I’m sure it would be a lot of I/O, and make for huge jobs, but it would allow you to work with PRT’s locally and yet have the farm render you scene just fine, and in the case of the Cache option, you could (if I interpret the help file correctly) reuse PRT’s for multiple passes which would reduce network I/O.
Nope, as far as I understand the process, copying the files to the Repository does not reduce network load.
The reason people copy external files to the Repository is to “freeze” them at the version at the moment of submission. This makes sense if the assets are being worked on and you don’t want a texture to suddenly change in the middle of a render job because and artist modified it on the network.
This does NOT reduce the network load because the textures are pulled from their network locations and then sent to the Repository that is just another network location. Then the job data has to be copied to the slaves for rendering, so in fact you are doing one step more here (collecting and duplicating the data).
What we did at Prime Focus at one point in order to avoid this in a custom internal pipeline was to cache all textures on the slaves. The textures were not collected and copied to the Repository, but their names and original locations were collected in a text file and sent with the job. The MAX scene was saved with removed texture paths, just file name and type. A script would run on the slave and it would go through this list of files, look in a local cache folder and compare the files there with the originals on the network. If the network file was modified or the local one did not exist, it would be copied once to the slave’s cache folder. If the local version was up-to-date, it would not be touched. Once the script was done, the scene would be loaded and would remap itself to the local cache path where all textures would be waiting. After a couple of days, all slaves working on a project would have a full complement of textures and as long as these textures were not constantly modified by the paint artists, almost no syncing would be needed most of the time. Obviously this would require a lot of disk space on each slave and doing the same with PRTs would be an overkill. We did support VRay geometry caches though at one point.
So if your PRT files barely change and would fit on the disk drives of all your slaves, such a scheme could work. But this feature is not part of the shipping Deadline and I am not sure if it ever will be.
Assuming you kept a per-slave cache (and not per-job), you could compare the modify dates on the network and local files and update the local ones only if the network ones changed. If you had multiple jobs using the same external assets, this would dramatically reduce the network load.
That’s the setup that Fusion 6.1 does with the “Local Cache” and it helps both reduce network load as well as (optionally) provide resilience against outages of the network storage.
You would probably need to have per-slave limits on the size of the cache, and clear out old files based on some rules, as well as have a control in Monitor to clean out the cache from a job or slave.
Just something to think about.
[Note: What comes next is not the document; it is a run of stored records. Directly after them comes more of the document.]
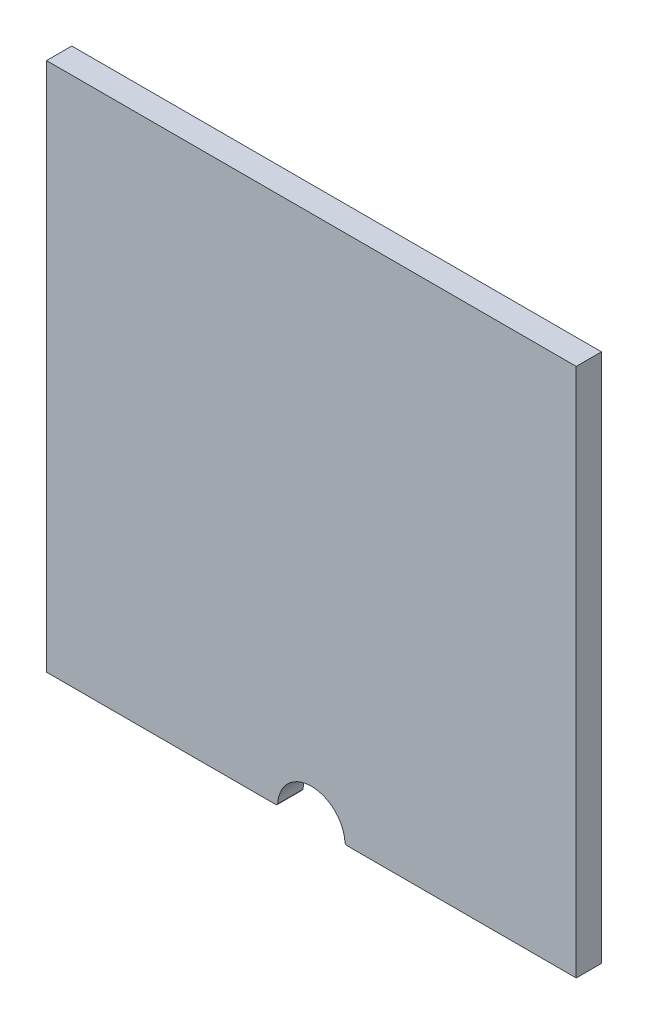
SolidWorks part; units mm, degrees
material "NEOPRENE"
ref_plane "Front Plane" through (0, 0, 0) normal (0, 0, 1) x (1, 0, 0)
ref_plane "Top Plane" through (0, 0, 0) normal (0, 1, 0) x (1, 0, 0)
ref_plane "Right Plane" through (0, 0, 0) normal (1, 0, 0) x (0, 0, -1)
sketch "Sketch1" plane through (0, 0, 0) normal (0, 0, 1) x (1, 0, 0)
  line L1 (0, 0) -> (200, 0)
  line L2 (0, 0) -> (0, 200)
  line L3 (0, 200) -> (200, 200)
  line L4 (200, 0) -> (200, 200)
  dimension "D1" = 200
extrude "Boss-Extrude1" add sketch "Sketch1" along normal blind 9.525
sketch "Sketch5" plane through (0, 0, 9.525) normal (0, 0, 1) x (1, 0, 0)
  line L0 (200, 0) -> (200, 200) construction
  line L1 (0, 0) -> (200, 0) construction
  line L2 (0, 200) -> (0, 0) construction
  line L3 (200, 200) -> (0, 200) construction
  line L4 (200, 0) -> (200, 200)
  line L5 (0, 0) -> (200, 0)
  line L6 (0, 200) -> (0, 0)
  line L7 (200, 200) -> (0, 200)
  line L8 (199.9492, 0.0508) -> (199.9492, 199.9492)
  line L9 (199.9492, 199.9492) -> (0.0508, 199.9492)
  line L10 (0.0508, 199.9492) -> (0.0508, 0.0508)
  line L11 (0.0508, 0.0508) -> (199.9492, 0.0508)
  dimension "D1" = 0.0508
extrude "Cut-Extrude2" cut sketch "Sketch5" against normal through all
sketch "Sketch2" plane through (0, 0, 9.525) normal (0, 0, 1) x (1, 0, 0)
  line L1 (87.3, 0.0508) -> (112.7, 0.0508)
  line L2 (0.0508, 0.0508) -> (199.9492, 0.0508) construction
  line L3 (100, 199.9492) -> (100, 0.0508) construction
  line L4 (199.9492, 199.9492) -> (0.0508, 199.9492) construction
  arc A0 (112.7, 0.0508) -> (87.3, 0.0508) centre (100, 0.0508) ccw
  dimension "D1" = 25.4
extrude "Cut-Extrude1" cut sketch "Sketch2" against normal blind 9.525
fillet "Fillet1" radius 0.7937 2 edges at (87.3, 0.0508, 4.7625) (112.7, 0.0508, 4.7625)
sketch "Sketch6" plane through (0, 0, 9.525) normal (0, 0, 1) x (1, 0, 0)
  line L0 (0.0508, 199.9492) -> (0.0508, 0.0508) construction
  line L1 (0.0508, 0.0508) -> (86.5296, 0.0508) construction
  circle A0 centre (2.0828, 2.0828) radius 0.7938
  dimension "D1" = 1.5875
  dimension "D2" = 2.032
  dimension "D3" = 2.032
extrude "Cut-Extrude3" [suppressed] cut sketch "Sketch6" against normal blind 1.27
pattern_linear "LPattern1" [suppressed] count 4 spacing 2.54 of bodies 104

We’re right now struggling with some Krakatoa jobs where 85% of the render time is just loading the PRTs. If we’re just doing passes, there’s really no reason not to reuse the cached PRT’s if they existed.
At some point we were even discussing using a Torrent system to share data, so slaves that needed resources would pull them from other slaves that had them already instead of hitting a centralized location. But then the companies split and we never came to a point to try this.
I was writing logs in the cache with the usage data (how often a texture was actually requested and when), but never came around to implement the full cleanup logic based on that - if the hard drive reached a threshold, I had an emergency deleting procedure that would clean up brute force and resync what is needed after that. Don’t think that ever kicked in.
Since we have most of the logic in place for textures, we could look into adding support for PRTs. But PRTs are orders of magnitude larger, and I am not convinced copying terabytes of data to slaves is a great idea…
You could filter what to cache by extension or size, and that would help some.
It should only hit TB sizes if you cache a sequence, right? Individual frames shouldn’t need more than a few hundred gigabytes.
Now if Deadline could track the external files and dispatch tasks/jobs based on the slave having more of the cached files, so that say, frame 135 of each of 10 passes would be sent to the same slave… That could certainly reduce traffic.